Contratto di abbinamento degli ordini
Questo registra il contratto richiedente sulla rete e quindi prende le offerte da fornitori Oracle responsabili e verificati.
Contratti aggregati
Raccoglie i dati da eventi ed entità fuori catena e poi li accumula. L’oracolo quindi filtra i dati accumulati per rilevanza e autenticità. I dati verificati vengono quindi inviati ai nodi on-chain per un’ulteriore elaborazione. Adempiere al contratto di richiesta originale.

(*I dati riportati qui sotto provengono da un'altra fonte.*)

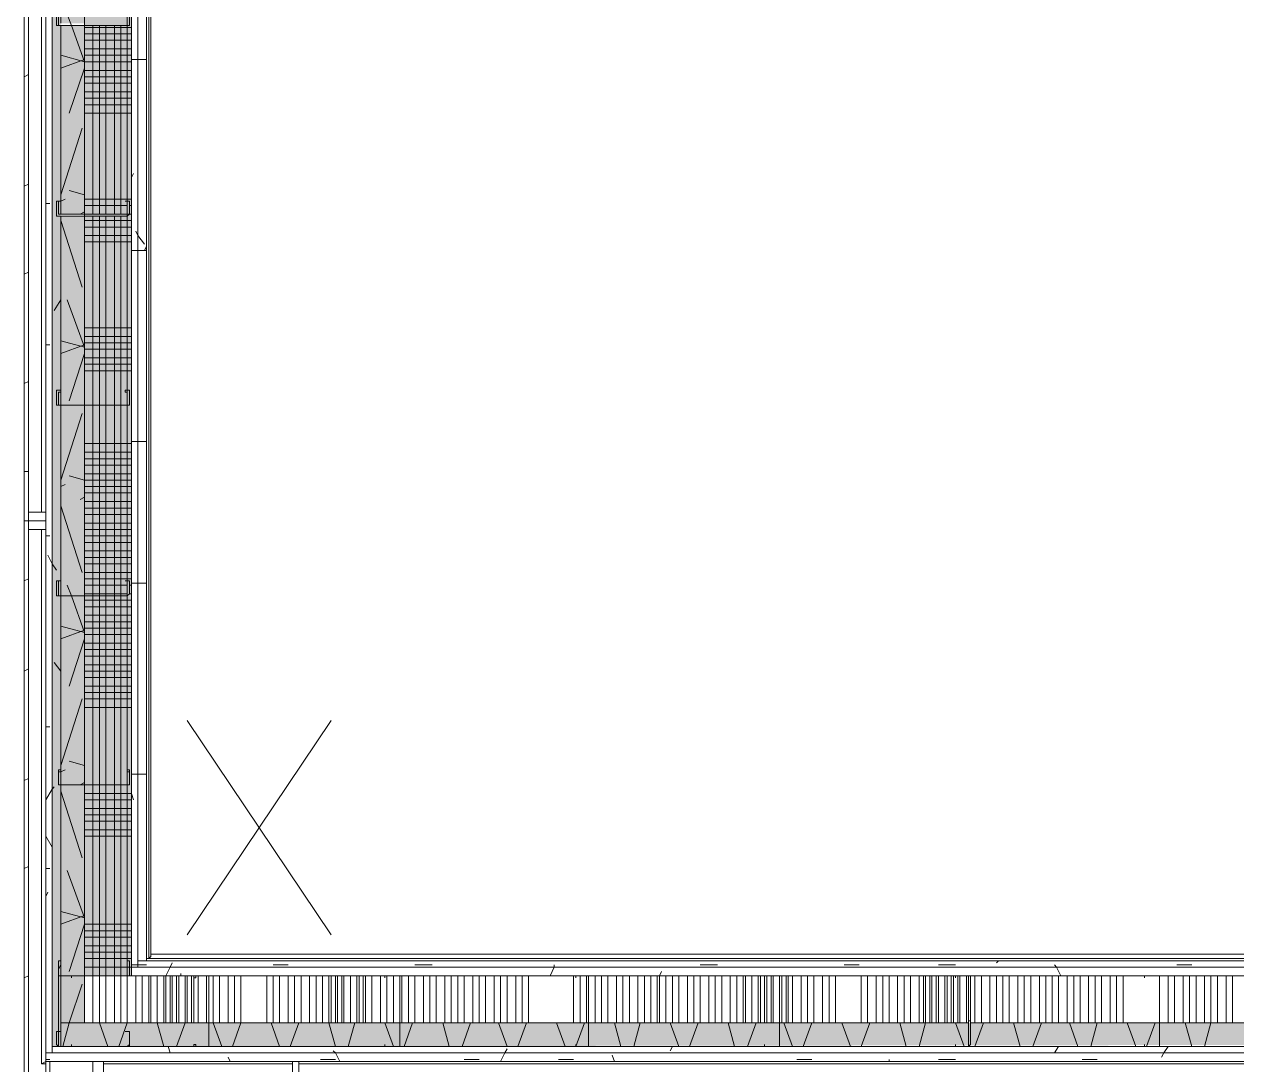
# Model space of a CAD drawing. Header units: metres. Extents: x -2 to 237, y -8 to 52.
# Drawn here: x 16.063 to 18.654, y 17.239 to 19.463 of the extents above; entities that cross this region are included whole.
import ezdxf

# ---------------------------------------------------------------- set-up
doc = ezdxf.new("R2010")
doc.units = ezdxf.units.M
doc.layers.add('PDF2_Geometry', color=7, linetype='Continuous', lineweight=0, true_color=0xaaaaaa)
doc.layers.add('PDF2_Solid Fills', color=7, linetype='Continuous', lineweight=0, true_color=0xffffff)

msp = doc.modelspace()

# ---------------------------------------------------------------- hatches: boundary and pattern name
at = {"layer": 'PDF2_Solid Fills', "lineweight": 0, "transparency": 33554559}
for points in [[(16.1222, 21.846), (16.1222, 17.2781), (16.1405, 17.2781), (16.1405, 21.846)], [(16.1222, 21.846), (16.1222, 17.2781), (16.1405, 17.2781), (16.1405, 21.846)], [(16.2919, 17.4295), (16.2919, 21.6947), (16.191, 21.6947), (16.191, 17.4295)], [(16.2919, 17.4295), (16.2919, 21.6947), (16.191, 21.6947), (16.191, 17.4295)], [(19.3004, 17.2827), (20.1076, 17.2827), (20.1076, 17.3285), (16.1405, 17.3285), (16.1405, 17.2781)], [(19.6766, 17.2827), (20.1076, 17.2827), (20.1076, 17.3285), (16.1405, 17.3285), (16.1405, 17.2781)]]:
    msp.add_hatch(color=256, dxfattribs=at).paths.add_polyline_path(points)
h = msp.add_hatch(color=256, dxfattribs=at)
h.paths.add_polyline_path([(16.191, 19.4657), (16.191, 21.8002), (16.1405, 21.8002), (16.1405, 19.4657)])
h.paths.add_polyline_path([(16.191, 19.053), (16.1405, 19.053), (16.1405, 17.3286), (16.191, 17.3286)])
h.paths.add_polyline_path([(16.191, 19.4611), (16.1405, 19.4611), (16.1405, 19.0576), (16.191, 19.0576)])
h = msp.add_hatch(color=256, dxfattribs=at)
h.paths.add_polyline_path([(16.191, 19.4657), (16.191, 21.8002), (16.1405, 21.8002), (16.1405, 19.4657)])
h.paths.add_polyline_path([(16.191, 19.053), (16.1405, 19.053), (16.1405, 17.3286), (16.191, 17.3286)])
h.paths.add_polyline_path([(16.191, 19.4611), (16.1405, 19.4611), (16.1405, 19.0576), (16.191, 19.0576)])
h = msp.add_hatch(color=256, dxfattribs=at)
h.paths.add_polyline_path([(16.1313, 18.6494), (16.1359, 18.6815), (16.1313, 18.6815), (16.1313, 18.6494)])
h.paths.add_polyline_path([(16.2827, 18.6586), (16.2827, 18.6494), (16.2827, 18.6494), (16.2873, 18.6586)])

# ---------------------------------------------------------------- linework, layer by layer
at = {"layer": 'PDF2_Geometry', "lineweight": 0}
for points in [[(16.1084, 17.4616), (16.1084, 17.246), (20.1397, 17.246), (20.1397, 17.4616), (20.1397, 21.6625), (20.1397, 21.8782), (16.1084, 21.8782), (16.1084, 21.6625)], [(16.1222, 17.2643), (16.1222, 21.8644), (16.1084, 21.8644), (16.1084, 17.2643)], [(20.1259, 17.2643), (20.1259, 17.2781), (20.1259, 17.4616), (20.1259, 21.6625), (20.1259, 21.846), (20.1259, 21.8644), (16.1222, 21.8644), (16.1222, 21.846), (16.1222, 21.6625), (16.1222, 17.4616), (16.1222, 17.2781), (16.1222, 17.2643)], [(16.3056, 17.4478), (16.3056, 21.6809), (16.2919, 21.6809), (16.2919, 17.4478)], [(19.9425, 17.4478), (19.9425, 17.4616), (19.9425, 21.6625), (19.9425, 21.6809), (16.3056, 21.6809), (16.3056, 21.6625), (16.3056, 17.4616), (16.3056, 17.4478)], [(16.3056, 21.6625), (16.3056, 17.4616), (16.324, 17.4616), (16.324, 21.6625)], [(16.324, 21.6625), (19.9242, 21.6625), (19.9242, 17.4616), (16.324, 17.4616)], [(19.9151, 21.6534), (19.9151, 21.5892), (19.9242, 21.5892), (19.9196, 21.5892), (19.9151, 21.5892), (19.9151, 21.6534), (16.3332, 21.6534), (16.3332, 21.658), (16.3286, 21.6625), (16.324, 21.6625), (16.324, 17.4616), (16.324, 21.6625), (19.9242, 21.6625), (19.9196, 21.6625), (19.9151, 21.658)], [(16.3286, 17.4662), (19.9196, 17.4662), (16.3286, 17.4662), (16.3286, 21.6625)], [(16.0993, 19.5896), (16.0993, 18.4201)], [(16.2873, 19.4611), (16.2827, 19.4611), (16.1359, 19.4611), (16.1313, 19.4611), (16.1313, 19.4933), (16.1405, 19.4933), (16.1359, 19.4933), (16.1359, 19.4611), (16.2827, 19.4611), (16.2827, 19.4933), (16.2781, 19.4933), (16.2873, 19.4933)], [(16.1405, 19.4611), (16.1405, 19.0576)], [(16.2368, 19.4611), (16.2368, 19.0576)], [(16.2873, 19.0576), (16.2827, 19.053), (16.1359, 19.053), (16.1313, 19.053), (16.1313, 19.0576), (16.1313, 19.0851), (16.1405, 19.0851), (16.1359, 19.0851), (16.1359, 19.0576), (16.2827, 19.0576), (16.2827, 19.0851), (16.2781, 19.0851), (16.2873, 19.0851)], [(16.1405, 19.053), (16.1405, 18.6494), (16.1405, 18.2412), (16.1405, 17.8376), (16.1405, 17.4294), (16.1405, 17.2781), (16.1405, 17.3285), (16.1405, 17.4294), (16.1405, 17.4616), (16.1405, 17.8376), (16.1405, 18.2412), (16.1405, 18.6494)], [(16.2368, 19.053), (16.2368, 18.6494), (16.2368, 18.2412), (16.2368, 17.8376), (16.2368, 17.4294), (16.2368, 17.8376), (16.2368, 18.2412), (16.2368, 18.6494)], [(16.2873, 18.6494), (16.2827, 18.6494), (16.1359, 18.6494), (16.1313, 18.6494), (16.1313, 18.6815), (16.1405, 18.6815), (16.1405, 18.6769), (16.1359, 18.6769), (16.1359, 18.6494), (16.2827, 18.6494), (16.2827, 18.6769), (16.2781, 18.6769), (16.2781, 18.6815), (16.2873, 18.6815)], [(16.0717, 17.191), (16.0626, 17.191), (16.0626, 18.4018), (16.0717, 18.4018)], [(16.1084, 18.4018), (16.0717, 18.4018)], [(16.0993, 18.3834), (16.0993, 17.2414), (16.1084, 17.2414), (16.0993, 17.2414), (16.1084, 17.246), (16.0993, 17.2414)], [(16.2873, 18.2458), (16.2827, 18.2412), (16.1359, 18.2412), (16.1313, 18.2412), (16.1313, 18.2458), (16.1313, 18.2733), (16.1405, 18.2733), (16.1359, 18.2733), (16.1359, 18.2458), (16.1359, 18.2412), (16.2827, 18.2412), (16.2827, 18.2458), (16.2827, 18.2733), (16.2781, 18.2733), (16.2873, 18.2733)], [(16.2919, 18.2917), (16.191, 18.2917)], [(16.2873, 17.8376), (16.1359, 17.8376), (16.1359, 17.8697), (16.1405, 17.8697), (16.1405, 17.8651), (16.1359, 17.8651), (16.1359, 17.8376), (16.2873, 17.8376), (16.2873, 17.8651), (16.2827, 17.8651), (16.2827, 17.8697), (16.2873, 17.8697)], [(16.2873, 17.4294), (16.1359, 17.4294), (16.1359, 17.4616), (16.1405, 17.4616), (16.1359, 17.4616), (16.1359, 17.4294), (16.2873, 17.4294), (16.2873, 17.4616)], [(16.2827, 17.4616), (16.2873, 17.4616)], [(16.2919, 17.4294), (19.9563, 17.4294), (19.9563, 17.4478), (16.2919, 17.4478)], [(19.9425, 17.4616), (16.3056, 17.4616), (16.3056, 17.4478), (19.9425, 17.4478)], [(16.3423, 17.4616), (19.8875, 17.4616)], [(16.1359, 17.2781), (16.1359, 17.2827), (16.1359, 17.4294), (16.1635, 17.4294), (16.1635, 17.4248), (16.1635, 17.4294), (16.1359, 17.4294), (16.1359, 17.2827), (16.1359, 17.2781), (16.1635, 17.2781)], [(16.2368, 17.4294), (16.2368, 17.3285)], [(16.3469, 17.4294), (16.3469, 17.3285)], [(16.457, 17.4294), (16.457, 17.2827), (16.457, 17.2781), (16.4249, 17.2781), (16.4249, 17.2827), (16.4295, 17.2827), (16.4295, 17.2781), (16.457, 17.2781), (16.457, 17.2827), (16.457, 17.4294), (16.4295, 17.4294), (16.4295, 17.4248), (16.4249, 17.4248), (16.4249, 17.4294)], [(16.7597, 17.4294), (16.7597, 17.3285)], [(16.8055, 17.4294), (16.8055, 17.3285)], [(16.833, 17.4248), (16.833, 17.4294)], [(16.8606, 17.4294), (16.8652, 17.4294), (16.8652, 17.2827), (16.8652, 17.2781), (16.8606, 17.2781), (16.833, 17.2781), (16.833, 17.2827), (16.833, 17.2781), (16.8606, 17.2781), (16.8652, 17.2781), (16.8652, 17.2827), (16.8652, 17.4294), (16.8606, 17.4294), (16.833, 17.4294)], [(16.8514, 17.4294), (16.8514, 17.3285)], [(16.989, 17.4294), (16.989, 17.3285)], [(17.0027, 17.4294), (17.0027, 17.3285)], [(17.0211, 17.4294), (17.0211, 17.3285)], [(17.0349, 17.4294), (17.0349, 17.3285)], [(17.0486, 17.4294), (17.0486, 17.3285)], [(17.0669, 17.4294), (17.0669, 17.3285)], [(17.0807, 17.4294), (17.0807, 17.3285)], [(17.2412, 17.4248), (17.2412, 17.4294)], [(17.2687, 17.4294), (17.2687, 17.2827), (17.2687, 17.2781), (17.2412, 17.2781), (17.2412, 17.2827), (17.2412, 17.2781), (17.2687, 17.2781), (17.2687, 17.2827), (17.2687, 17.4294), (17.2412, 17.4294)], [(17.3284, 17.4294), (17.3284, 17.3285)], [(17.3421, 17.4294), (17.3421, 17.3285)], [(17.3559, 17.4294), (17.3559, 17.3285)], [(17.3742, 17.4294), (17.3742, 17.3285)], [(17.388, 17.4294), (17.388, 17.3285)], [(17.4017, 17.4294), (17.4017, 17.3285)], [(17.5072, 17.4294), (17.5072, 17.3285)], [(17.6173, 17.4294), (17.6173, 17.3285)], [(17.6448, 17.4248), (17.6448, 17.4294)], [(17.6769, 17.4294), (17.6769, 17.2827), (17.6769, 17.2781), (17.6448, 17.2781), (17.6448, 17.2827), (17.6448, 17.2781), (17.6769, 17.2781), (17.6769, 17.2827), (17.6769, 17.4294), (17.6448, 17.4294)], [(18.053, 17.4248), (18.053, 17.4294)], [(18.0805, 17.4294), (18.0851, 17.4294), (18.0851, 17.2827), (18.0805, 17.2781), (18.053, 17.2781), (18.053, 17.2827), (18.053, 17.2781), (18.0805, 17.2781), (18.0805, 17.2827), (18.0805, 17.4294), (18.053, 17.4294)], [(18.1264, 17.4294), (18.1264, 17.3285)], [(18.2594, 17.4294), (18.2594, 17.3285)], [(18.2731, 17.4294), (18.2731, 17.3285)], [(18.2915, 17.4294), (18.2915, 17.3285)], [(18.3053, 17.4294), (18.3053, 17.3285)], [(18.319, 17.4294), (18.319, 17.3285)], [(18.3373, 17.4294), (18.3373, 17.3285)], [(18.3511, 17.4294), (18.3511, 17.3285)], [(18.4566, 17.4248), (18.4566, 17.4294)], [(18.4887, 17.4294), (18.4887, 17.2827), (18.4887, 17.2781), (18.4566, 17.2781), (18.4566, 17.2827), (18.4566, 17.2781), (18.4887, 17.2781), (18.4887, 17.2827), (18.4887, 17.4294), (18.4566, 17.4294)], [(18.5987, 17.4294), (18.5987, 17.3285)], [(18.6125, 17.4294), (18.6125, 17.3285)], [(18.6309, 17.4294), (18.6309, 17.3285)], [(18.6446, 17.4294), (18.6446, 17.3285)], [(16.2873, 17.2827), (16.2873, 17.2781), (16.2827, 17.2781), (16.1359, 17.2781), (16.1313, 17.2827), (16.1313, 17.3102), (16.1405, 17.3102), (16.1359, 17.3102), (16.1359, 17.2827), (16.1359, 17.2781), (16.2827, 17.2781), (16.2873, 17.2827), (16.2873, 17.3102)], [(16.2781, 17.3102), (16.2873, 17.3102)], [(16.1084, 17.246), (20.1397, 17.246), (20.1397, 17.2643), (16.1084, 17.2643)], [(16.1635, 17.2827), (16.1635, 17.2781)], [(16.2827, 17.2781), (16.4249, 17.2781)], [(16.457, 17.2781), (16.833, 17.2781)], [(16.8606, 17.2781), (17.2412, 17.2781)], [(17.2687, 17.2781), (17.6448, 17.2781)], [(17.6769, 17.2781), (18.053, 17.2781)], [(18.0805, 17.2781), (18.4566, 17.2781)], [(18.4887, 17.2781), (18.8648, 17.2781)], [(16.1176, 17.246), (16.1222, 17.246), (16.2093, 17.246), (16.2093, 17.2139), (16.2047, 17.2139), (16.2093, 17.2139), (16.2093, 17.246), (16.1222, 17.246), (16.1176, 17.246), (16.1176, 17.2139)], [(16.2323, 17.2414), (16.6358, 17.2414)], [(16.6358, 13.4807), (16.6358, 17.246), (16.6496, 17.246), (16.6496, 13.4807)], [(16.6496, 17.2414), (19.5894, 17.2414)]]:
    msp.add_lwpolyline(points, close=True, dxfattribs=at)
for points in [[(16.1084, 21.8782), (16.1084, 17.246), (16.1084, 21.8782)], [(20.1076, 21.846), (16.1405, 21.846), (16.1405, 21.8002), (16.1405, 21.6625), (16.1405, 21.5112), (16.1405, 21.0847), (16.1405, 20.6811), (16.1405, 20.2729), (16.1405, 19.8693), (16.1405, 19.4657), (16.1405, 19.8693), (16.1405, 20.2729), (16.1405, 20.6811), (16.1405, 21.0847), (16.1405, 21.5112), (16.1405, 21.846), (16.1222, 21.846), (16.1222, 17.2781), (16.1359, 17.2781), (16.1222, 17.2781), (16.1222, 17.2643), (20.1259, 17.2643)], [(16.2827, 17.3285), (16.2827, 17.4294), (16.2827, 17.8376), (16.2827, 21.6947), (16.2827, 21.8002)], [(16.191, 19.8693), (16.191, 19.4611), (16.191, 19.053), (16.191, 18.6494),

Vale la pena investire in Chainlink?
Se te lo stai chiedendo in base al valore del sistema stesso, allora assolutamente sì. Chainlink offre soluzioni che rendono i contratti intelligenti ancora più facili da usare e fattibili. Questo tipo di tecnologia aumenterà la domanda man mano che sempre più entità iniziano a passare a servizi di contratti intelligenti.
Per quanto riguarda un investimento di valore in criptovaluta, questo deve ancora essere visto. Il token stesso è estremamente popolare ora, scambiato a quasi $ 100 milioni al giorno. Ci sono alcuni brontolii che credono che i nodi Oracle dovrebbero ricevere il pagamento nella propria criptovaluta, al contrario di Link. Quindi c’è qualche suggerimento che le future fork potrebbero rendere inutile il token di Chainlink. Indipendentemente da quanto la piattaforma diventerà integrante in futuro.
Quindi, se investi in chainlink, fallo con saggezza e, come sempre, assicurati di tenere d’occhio ciò che sta accadendo nel mercato e sulla tua piattaforma di scambio di criptovaluta.